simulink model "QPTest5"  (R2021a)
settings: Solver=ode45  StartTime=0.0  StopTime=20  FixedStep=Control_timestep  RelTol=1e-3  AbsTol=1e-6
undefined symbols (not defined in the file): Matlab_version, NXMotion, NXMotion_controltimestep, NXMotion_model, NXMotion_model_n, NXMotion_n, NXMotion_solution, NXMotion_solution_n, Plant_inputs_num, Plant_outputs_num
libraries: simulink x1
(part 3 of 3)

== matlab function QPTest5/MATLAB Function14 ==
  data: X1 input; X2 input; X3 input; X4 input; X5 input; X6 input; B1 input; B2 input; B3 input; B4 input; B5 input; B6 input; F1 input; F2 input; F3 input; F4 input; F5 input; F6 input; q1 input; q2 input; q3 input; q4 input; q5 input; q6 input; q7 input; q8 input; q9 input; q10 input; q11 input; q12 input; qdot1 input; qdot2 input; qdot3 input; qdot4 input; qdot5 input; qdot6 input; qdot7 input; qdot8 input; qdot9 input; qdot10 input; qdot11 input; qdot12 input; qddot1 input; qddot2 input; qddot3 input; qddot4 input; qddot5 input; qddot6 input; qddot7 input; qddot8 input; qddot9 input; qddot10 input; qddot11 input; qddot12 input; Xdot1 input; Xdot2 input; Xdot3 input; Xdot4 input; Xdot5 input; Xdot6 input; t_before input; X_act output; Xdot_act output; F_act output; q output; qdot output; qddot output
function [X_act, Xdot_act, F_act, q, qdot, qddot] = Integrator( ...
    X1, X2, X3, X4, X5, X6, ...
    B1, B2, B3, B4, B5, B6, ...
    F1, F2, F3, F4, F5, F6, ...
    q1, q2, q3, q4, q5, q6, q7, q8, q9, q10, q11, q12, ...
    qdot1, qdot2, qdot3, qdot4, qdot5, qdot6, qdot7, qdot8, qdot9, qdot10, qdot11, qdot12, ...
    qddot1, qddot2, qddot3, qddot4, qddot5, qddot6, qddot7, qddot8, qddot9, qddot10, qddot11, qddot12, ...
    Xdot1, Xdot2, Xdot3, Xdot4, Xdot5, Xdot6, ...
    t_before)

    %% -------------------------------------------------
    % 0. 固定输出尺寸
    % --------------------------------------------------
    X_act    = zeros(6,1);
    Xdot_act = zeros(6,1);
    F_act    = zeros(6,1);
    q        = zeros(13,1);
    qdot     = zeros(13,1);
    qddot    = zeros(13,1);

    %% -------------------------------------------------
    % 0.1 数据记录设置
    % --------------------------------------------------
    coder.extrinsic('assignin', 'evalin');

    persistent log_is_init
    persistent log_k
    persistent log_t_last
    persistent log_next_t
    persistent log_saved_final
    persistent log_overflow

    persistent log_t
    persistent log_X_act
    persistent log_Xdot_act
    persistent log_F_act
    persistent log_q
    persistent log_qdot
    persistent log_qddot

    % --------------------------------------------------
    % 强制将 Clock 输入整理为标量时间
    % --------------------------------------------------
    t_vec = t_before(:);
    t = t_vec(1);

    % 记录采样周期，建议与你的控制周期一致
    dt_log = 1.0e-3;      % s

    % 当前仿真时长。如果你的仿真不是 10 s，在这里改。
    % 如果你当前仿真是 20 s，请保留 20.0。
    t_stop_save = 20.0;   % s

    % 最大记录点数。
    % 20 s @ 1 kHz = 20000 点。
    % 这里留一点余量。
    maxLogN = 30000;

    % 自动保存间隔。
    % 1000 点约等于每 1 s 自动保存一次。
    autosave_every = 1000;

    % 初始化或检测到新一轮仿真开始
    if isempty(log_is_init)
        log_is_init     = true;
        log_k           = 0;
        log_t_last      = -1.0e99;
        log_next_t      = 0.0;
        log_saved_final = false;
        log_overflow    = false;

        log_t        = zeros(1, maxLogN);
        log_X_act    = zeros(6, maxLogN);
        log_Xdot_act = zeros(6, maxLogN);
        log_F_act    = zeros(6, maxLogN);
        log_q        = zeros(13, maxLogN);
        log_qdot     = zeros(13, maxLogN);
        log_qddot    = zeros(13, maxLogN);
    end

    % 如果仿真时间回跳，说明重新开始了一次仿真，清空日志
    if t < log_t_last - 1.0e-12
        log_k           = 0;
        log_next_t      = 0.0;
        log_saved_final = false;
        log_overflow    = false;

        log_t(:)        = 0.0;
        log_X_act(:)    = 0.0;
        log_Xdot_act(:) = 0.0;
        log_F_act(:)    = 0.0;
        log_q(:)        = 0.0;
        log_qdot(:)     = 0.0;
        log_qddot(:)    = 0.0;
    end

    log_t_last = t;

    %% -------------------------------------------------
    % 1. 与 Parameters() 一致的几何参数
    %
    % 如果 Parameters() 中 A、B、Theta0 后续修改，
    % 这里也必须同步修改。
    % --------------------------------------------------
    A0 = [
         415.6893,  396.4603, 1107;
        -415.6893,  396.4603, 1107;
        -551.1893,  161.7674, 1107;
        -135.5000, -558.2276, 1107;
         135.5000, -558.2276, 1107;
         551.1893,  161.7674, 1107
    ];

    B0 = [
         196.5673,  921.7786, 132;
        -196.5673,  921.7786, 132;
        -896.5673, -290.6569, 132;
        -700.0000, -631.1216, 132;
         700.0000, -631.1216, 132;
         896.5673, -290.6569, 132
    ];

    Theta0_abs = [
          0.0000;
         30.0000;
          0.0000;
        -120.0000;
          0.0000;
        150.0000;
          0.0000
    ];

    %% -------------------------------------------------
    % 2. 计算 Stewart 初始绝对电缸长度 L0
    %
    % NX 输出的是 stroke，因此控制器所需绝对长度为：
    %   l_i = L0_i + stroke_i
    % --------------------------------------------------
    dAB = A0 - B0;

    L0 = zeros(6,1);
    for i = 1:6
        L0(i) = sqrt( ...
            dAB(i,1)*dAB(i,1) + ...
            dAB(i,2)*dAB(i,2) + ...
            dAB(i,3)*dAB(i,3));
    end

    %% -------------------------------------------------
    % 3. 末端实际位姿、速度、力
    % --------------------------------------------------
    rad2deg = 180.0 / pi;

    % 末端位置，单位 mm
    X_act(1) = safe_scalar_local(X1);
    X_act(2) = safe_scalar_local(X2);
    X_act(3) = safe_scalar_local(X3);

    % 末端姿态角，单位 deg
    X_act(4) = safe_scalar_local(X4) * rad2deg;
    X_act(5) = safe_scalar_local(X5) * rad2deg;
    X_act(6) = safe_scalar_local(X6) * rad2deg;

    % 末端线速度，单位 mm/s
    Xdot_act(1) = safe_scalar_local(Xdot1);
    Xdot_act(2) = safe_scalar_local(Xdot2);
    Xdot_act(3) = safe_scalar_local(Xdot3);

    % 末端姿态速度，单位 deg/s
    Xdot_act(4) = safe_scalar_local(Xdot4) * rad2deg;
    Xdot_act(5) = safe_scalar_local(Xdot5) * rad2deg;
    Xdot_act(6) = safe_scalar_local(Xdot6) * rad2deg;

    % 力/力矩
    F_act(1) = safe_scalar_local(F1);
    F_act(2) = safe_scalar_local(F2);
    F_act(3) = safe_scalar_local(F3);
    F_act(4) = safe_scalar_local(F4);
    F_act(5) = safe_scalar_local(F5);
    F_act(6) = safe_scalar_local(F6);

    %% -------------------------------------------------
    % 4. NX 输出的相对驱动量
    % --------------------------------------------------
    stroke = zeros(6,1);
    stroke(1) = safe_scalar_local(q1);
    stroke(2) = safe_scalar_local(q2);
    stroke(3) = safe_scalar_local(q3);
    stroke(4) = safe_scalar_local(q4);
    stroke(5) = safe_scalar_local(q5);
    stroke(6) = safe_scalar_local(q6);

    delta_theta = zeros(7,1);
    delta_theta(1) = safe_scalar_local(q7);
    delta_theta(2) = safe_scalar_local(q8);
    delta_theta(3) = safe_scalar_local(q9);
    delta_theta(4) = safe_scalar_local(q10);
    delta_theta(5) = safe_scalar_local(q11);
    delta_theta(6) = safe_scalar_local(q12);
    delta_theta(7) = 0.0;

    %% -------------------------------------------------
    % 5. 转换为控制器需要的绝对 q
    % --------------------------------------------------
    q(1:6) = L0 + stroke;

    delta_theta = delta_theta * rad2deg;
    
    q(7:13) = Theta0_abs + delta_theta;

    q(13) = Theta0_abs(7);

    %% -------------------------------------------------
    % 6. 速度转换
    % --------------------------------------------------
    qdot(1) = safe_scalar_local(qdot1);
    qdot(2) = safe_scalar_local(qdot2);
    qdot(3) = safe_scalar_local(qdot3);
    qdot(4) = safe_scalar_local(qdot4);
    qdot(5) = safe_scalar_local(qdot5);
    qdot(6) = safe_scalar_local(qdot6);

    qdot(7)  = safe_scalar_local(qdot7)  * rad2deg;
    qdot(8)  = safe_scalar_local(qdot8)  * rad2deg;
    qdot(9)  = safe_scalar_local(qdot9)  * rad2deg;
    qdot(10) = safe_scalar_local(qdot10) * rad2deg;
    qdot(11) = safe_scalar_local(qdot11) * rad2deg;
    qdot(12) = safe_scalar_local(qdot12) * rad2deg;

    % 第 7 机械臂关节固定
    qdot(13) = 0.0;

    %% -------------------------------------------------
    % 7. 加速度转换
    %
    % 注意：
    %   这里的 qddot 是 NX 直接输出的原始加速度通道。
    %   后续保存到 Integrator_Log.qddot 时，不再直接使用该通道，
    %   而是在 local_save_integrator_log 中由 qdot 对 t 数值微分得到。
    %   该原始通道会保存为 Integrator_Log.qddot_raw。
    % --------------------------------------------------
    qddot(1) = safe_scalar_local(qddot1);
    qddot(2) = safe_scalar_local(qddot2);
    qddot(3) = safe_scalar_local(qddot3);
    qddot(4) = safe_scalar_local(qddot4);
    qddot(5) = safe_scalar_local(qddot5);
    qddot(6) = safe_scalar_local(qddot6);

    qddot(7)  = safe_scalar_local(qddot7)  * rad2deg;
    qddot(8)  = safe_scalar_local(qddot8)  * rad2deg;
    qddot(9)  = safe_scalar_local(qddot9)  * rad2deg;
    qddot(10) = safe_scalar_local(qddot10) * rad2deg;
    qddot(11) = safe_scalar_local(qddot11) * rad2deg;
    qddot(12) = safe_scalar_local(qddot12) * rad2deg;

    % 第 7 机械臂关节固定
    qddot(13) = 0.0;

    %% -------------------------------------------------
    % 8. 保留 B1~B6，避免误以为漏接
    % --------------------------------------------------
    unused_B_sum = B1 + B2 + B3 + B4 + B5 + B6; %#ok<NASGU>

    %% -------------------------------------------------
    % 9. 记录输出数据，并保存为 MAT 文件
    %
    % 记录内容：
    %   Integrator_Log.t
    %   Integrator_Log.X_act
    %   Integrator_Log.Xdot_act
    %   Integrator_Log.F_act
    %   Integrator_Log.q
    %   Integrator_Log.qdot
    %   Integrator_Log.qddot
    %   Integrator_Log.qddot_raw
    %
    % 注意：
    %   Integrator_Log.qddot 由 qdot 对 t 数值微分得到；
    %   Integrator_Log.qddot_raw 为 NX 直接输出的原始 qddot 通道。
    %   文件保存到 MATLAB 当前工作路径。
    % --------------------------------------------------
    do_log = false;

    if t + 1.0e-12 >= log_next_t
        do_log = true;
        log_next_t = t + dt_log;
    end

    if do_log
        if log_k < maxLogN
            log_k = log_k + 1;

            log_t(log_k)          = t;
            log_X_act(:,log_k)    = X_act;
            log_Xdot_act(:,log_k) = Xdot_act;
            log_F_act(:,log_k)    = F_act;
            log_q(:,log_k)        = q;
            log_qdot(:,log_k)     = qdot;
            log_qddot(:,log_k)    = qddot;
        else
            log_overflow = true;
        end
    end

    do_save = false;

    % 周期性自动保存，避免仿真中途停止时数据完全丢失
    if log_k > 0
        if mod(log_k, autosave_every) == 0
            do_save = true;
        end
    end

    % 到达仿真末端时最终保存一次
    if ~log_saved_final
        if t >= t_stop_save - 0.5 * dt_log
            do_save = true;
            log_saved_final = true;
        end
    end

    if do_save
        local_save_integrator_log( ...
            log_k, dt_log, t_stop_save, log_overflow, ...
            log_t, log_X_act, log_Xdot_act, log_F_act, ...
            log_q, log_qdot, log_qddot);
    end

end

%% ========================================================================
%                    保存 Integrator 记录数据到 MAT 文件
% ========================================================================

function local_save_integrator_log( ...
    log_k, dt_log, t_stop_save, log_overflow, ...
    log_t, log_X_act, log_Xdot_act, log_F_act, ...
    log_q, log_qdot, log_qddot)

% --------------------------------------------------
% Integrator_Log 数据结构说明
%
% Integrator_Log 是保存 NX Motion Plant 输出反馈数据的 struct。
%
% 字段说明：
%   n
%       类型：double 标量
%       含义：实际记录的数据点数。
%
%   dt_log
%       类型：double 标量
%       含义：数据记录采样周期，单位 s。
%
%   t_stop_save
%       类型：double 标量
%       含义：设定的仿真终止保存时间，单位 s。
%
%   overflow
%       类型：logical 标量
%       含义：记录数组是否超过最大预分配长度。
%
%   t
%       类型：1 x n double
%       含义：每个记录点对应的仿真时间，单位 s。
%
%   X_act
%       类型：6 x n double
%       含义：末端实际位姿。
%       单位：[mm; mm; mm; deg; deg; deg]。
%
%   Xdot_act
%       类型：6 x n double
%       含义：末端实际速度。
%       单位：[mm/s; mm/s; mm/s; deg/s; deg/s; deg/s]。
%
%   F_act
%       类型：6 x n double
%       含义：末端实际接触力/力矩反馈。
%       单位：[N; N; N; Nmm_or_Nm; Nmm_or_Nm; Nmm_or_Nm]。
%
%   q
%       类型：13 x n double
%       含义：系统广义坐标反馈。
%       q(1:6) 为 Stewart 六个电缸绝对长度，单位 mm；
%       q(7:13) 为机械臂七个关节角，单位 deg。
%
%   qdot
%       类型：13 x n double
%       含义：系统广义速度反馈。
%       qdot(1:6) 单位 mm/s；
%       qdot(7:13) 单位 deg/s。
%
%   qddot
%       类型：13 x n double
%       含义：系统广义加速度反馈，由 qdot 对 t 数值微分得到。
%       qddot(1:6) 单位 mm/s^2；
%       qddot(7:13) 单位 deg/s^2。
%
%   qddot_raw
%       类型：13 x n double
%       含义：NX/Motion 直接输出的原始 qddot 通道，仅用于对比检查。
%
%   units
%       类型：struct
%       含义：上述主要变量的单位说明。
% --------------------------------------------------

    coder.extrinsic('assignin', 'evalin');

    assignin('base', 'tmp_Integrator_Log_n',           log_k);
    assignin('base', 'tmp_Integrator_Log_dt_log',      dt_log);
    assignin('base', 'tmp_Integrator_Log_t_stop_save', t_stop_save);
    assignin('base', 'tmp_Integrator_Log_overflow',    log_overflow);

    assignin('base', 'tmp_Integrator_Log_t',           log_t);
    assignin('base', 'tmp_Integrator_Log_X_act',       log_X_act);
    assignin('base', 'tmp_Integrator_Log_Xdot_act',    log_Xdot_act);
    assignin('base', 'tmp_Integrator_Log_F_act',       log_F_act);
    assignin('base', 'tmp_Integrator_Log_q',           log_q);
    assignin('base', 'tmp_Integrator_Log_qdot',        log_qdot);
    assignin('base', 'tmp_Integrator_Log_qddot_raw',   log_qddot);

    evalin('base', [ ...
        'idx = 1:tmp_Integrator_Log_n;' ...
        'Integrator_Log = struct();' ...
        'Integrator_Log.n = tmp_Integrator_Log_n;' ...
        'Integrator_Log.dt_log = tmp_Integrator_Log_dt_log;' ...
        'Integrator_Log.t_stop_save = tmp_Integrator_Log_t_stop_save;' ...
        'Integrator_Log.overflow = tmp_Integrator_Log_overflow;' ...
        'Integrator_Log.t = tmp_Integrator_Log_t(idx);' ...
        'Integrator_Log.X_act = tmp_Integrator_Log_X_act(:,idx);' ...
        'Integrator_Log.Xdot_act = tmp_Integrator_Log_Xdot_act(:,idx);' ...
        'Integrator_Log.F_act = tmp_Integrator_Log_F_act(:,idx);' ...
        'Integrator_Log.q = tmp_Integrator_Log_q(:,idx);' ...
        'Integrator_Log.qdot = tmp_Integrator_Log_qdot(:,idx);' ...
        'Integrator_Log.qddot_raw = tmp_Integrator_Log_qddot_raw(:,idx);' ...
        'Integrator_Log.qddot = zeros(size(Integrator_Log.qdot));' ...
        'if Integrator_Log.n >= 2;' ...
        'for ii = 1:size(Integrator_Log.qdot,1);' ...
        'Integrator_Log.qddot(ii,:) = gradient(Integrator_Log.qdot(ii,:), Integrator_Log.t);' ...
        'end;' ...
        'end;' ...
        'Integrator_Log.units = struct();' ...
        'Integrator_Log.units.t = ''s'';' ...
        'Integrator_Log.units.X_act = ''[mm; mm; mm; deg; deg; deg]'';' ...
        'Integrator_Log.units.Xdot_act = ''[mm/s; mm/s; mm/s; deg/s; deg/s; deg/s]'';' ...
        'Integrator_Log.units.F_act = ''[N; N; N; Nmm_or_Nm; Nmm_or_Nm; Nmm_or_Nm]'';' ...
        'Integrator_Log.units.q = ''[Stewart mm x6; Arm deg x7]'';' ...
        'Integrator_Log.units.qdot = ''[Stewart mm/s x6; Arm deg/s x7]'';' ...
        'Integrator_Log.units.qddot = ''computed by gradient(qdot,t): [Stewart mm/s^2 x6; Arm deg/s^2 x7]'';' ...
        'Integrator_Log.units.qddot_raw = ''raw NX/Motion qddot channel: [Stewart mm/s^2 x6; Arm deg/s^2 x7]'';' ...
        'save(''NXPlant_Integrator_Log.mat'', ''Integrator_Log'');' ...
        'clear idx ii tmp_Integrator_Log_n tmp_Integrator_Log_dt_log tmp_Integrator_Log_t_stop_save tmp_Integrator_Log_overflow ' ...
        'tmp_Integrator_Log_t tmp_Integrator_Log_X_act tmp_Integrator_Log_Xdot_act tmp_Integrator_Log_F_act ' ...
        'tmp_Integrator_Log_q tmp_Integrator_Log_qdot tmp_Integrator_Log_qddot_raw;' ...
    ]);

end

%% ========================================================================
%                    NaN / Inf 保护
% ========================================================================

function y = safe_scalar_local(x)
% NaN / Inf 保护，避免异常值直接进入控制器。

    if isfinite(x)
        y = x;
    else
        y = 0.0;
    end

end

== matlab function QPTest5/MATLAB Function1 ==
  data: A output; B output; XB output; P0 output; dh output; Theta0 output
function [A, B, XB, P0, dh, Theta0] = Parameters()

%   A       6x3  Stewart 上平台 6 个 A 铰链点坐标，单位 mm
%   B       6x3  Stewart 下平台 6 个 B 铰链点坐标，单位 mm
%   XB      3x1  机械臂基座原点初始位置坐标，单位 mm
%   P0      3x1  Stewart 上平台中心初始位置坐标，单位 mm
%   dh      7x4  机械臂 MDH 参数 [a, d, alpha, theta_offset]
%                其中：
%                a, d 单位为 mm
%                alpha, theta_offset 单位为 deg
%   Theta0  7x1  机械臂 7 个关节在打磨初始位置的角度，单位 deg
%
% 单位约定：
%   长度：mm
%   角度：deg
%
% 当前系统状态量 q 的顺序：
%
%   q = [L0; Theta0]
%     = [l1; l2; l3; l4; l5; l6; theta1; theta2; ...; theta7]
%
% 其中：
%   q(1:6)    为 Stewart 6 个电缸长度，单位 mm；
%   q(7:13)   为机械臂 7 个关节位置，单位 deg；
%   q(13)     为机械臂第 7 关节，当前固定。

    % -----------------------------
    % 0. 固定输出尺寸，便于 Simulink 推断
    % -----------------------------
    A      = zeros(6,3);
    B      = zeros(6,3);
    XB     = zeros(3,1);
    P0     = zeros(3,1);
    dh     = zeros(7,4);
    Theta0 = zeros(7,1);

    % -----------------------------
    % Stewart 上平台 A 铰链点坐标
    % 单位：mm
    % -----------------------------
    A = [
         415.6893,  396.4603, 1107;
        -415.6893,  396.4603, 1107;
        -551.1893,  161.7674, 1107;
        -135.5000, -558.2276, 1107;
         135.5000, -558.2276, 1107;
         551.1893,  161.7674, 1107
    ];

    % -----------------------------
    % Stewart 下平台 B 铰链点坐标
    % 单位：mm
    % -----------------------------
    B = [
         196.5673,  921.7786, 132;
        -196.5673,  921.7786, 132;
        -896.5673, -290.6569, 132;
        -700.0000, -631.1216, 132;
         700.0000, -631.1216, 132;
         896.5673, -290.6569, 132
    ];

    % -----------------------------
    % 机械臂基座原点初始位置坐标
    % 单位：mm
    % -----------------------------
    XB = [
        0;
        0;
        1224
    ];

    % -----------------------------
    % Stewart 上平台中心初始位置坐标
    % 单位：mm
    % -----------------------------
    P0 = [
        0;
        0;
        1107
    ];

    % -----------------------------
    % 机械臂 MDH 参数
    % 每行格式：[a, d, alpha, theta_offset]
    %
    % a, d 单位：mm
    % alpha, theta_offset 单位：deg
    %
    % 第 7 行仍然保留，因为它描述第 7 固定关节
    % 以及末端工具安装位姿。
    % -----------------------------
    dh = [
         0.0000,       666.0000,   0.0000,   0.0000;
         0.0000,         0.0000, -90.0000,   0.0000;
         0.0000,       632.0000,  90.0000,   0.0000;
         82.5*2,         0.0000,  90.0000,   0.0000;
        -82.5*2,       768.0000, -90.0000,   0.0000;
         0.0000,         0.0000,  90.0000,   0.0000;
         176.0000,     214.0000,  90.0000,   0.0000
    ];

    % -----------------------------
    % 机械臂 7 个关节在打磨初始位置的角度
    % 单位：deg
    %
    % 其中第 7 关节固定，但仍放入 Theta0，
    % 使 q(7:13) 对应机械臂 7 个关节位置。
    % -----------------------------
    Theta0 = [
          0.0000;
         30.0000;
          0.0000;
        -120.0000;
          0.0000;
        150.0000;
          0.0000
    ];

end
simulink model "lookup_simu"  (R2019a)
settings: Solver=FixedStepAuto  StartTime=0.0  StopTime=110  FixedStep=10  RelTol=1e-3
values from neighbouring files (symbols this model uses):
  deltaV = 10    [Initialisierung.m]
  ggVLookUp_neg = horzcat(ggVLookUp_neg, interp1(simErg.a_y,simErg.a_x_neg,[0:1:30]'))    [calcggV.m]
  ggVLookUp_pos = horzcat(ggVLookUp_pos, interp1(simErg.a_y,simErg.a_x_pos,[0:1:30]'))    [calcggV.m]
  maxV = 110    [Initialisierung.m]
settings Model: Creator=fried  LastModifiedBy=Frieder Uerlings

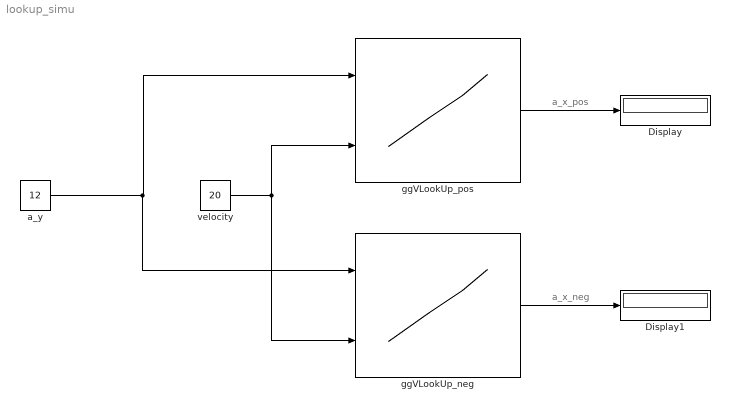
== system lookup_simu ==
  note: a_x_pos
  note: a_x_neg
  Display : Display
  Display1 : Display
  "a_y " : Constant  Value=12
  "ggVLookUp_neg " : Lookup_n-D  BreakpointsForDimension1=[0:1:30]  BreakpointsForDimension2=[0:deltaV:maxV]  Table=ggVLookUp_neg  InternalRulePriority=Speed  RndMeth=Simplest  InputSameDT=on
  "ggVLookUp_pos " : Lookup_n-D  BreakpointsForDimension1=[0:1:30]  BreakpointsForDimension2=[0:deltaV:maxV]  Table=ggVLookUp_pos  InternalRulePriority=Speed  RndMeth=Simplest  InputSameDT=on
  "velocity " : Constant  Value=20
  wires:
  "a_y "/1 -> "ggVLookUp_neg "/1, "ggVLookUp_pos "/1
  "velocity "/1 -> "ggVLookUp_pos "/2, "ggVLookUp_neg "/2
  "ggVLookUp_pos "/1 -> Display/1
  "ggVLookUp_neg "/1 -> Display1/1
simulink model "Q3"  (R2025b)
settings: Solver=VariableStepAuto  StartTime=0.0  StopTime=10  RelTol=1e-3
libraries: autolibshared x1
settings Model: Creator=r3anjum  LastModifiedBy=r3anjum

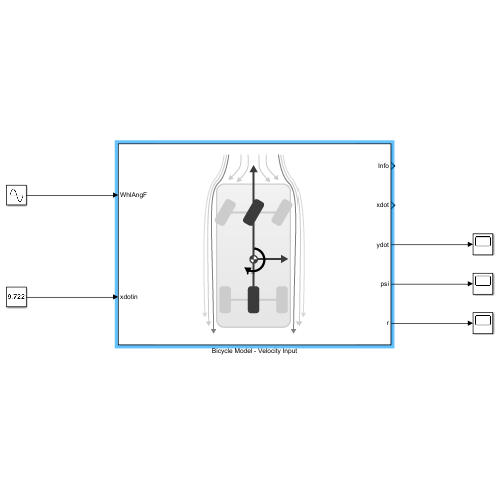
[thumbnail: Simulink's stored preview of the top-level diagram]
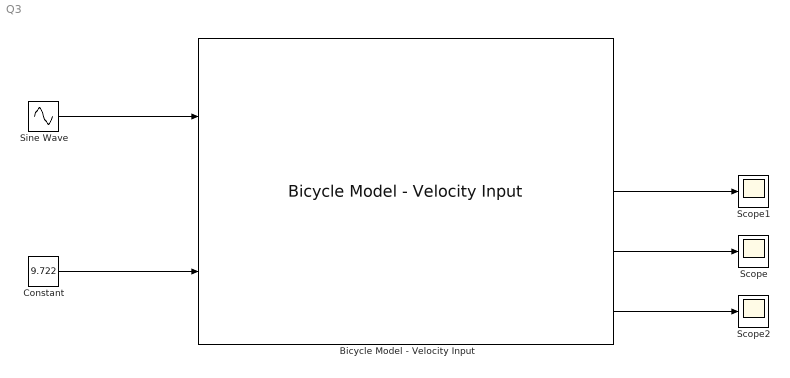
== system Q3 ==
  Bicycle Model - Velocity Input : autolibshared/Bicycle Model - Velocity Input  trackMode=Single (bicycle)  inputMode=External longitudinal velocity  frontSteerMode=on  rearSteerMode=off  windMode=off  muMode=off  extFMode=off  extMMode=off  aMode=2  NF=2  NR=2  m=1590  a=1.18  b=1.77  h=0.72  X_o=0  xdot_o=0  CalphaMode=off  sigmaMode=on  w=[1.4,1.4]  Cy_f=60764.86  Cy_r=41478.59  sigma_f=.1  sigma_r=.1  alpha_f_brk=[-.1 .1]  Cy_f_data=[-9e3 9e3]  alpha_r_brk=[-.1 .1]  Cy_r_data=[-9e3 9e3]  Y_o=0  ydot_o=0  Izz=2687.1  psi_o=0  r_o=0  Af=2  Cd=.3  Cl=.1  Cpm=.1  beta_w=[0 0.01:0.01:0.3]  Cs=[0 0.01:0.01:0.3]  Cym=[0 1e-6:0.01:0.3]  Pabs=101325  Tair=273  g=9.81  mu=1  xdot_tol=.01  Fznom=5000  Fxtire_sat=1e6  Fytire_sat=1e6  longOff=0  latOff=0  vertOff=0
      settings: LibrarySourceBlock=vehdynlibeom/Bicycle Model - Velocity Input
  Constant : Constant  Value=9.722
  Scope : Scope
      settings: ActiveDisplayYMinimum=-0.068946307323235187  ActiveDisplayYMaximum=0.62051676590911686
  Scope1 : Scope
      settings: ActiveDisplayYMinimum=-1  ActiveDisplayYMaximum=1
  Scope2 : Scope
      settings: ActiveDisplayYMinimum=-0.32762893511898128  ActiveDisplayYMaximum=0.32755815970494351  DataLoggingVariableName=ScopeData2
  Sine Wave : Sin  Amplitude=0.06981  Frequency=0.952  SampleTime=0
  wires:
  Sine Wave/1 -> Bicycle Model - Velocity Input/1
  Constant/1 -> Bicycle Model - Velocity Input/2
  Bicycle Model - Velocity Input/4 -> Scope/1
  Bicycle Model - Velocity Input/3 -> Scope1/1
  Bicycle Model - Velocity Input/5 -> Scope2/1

══════

[WHAT THE EXERCISE ASKS]: Above are the records. Print exactly, and only, the lines from the line with "deg/s; deg/s]'';' ..." to the line with "gradient(qdot,t): [Stewart mm/s^2 x6; Arm deg/s^2 x7]'';' ...", both inclusive.

[OUTPUT]:
        'Integrator_Log.units.Xdot_act = ''[mm/s; mm/s; mm/s; deg/s; deg/s; deg/s]'';' ...
        'Integrator_Log.units.F_act = ''[N; N; N; Nmm_or_Nm; Nmm_or_Nm; Nmm_or_Nm]'';' ...
        'Integrator_Log.units.q = ''[Stewart mm x6; Arm deg x7]'';' ...
        'Integrator_Log.units.qdot = ''[Stewart mm/s x6; Arm deg/s x7]'';' ...
        'Integrator_Log.units.qddot = ''computed by gradient(qdot,t): [Stewart mm/s^2 x6; Arm deg/s^2 x7]'';' ...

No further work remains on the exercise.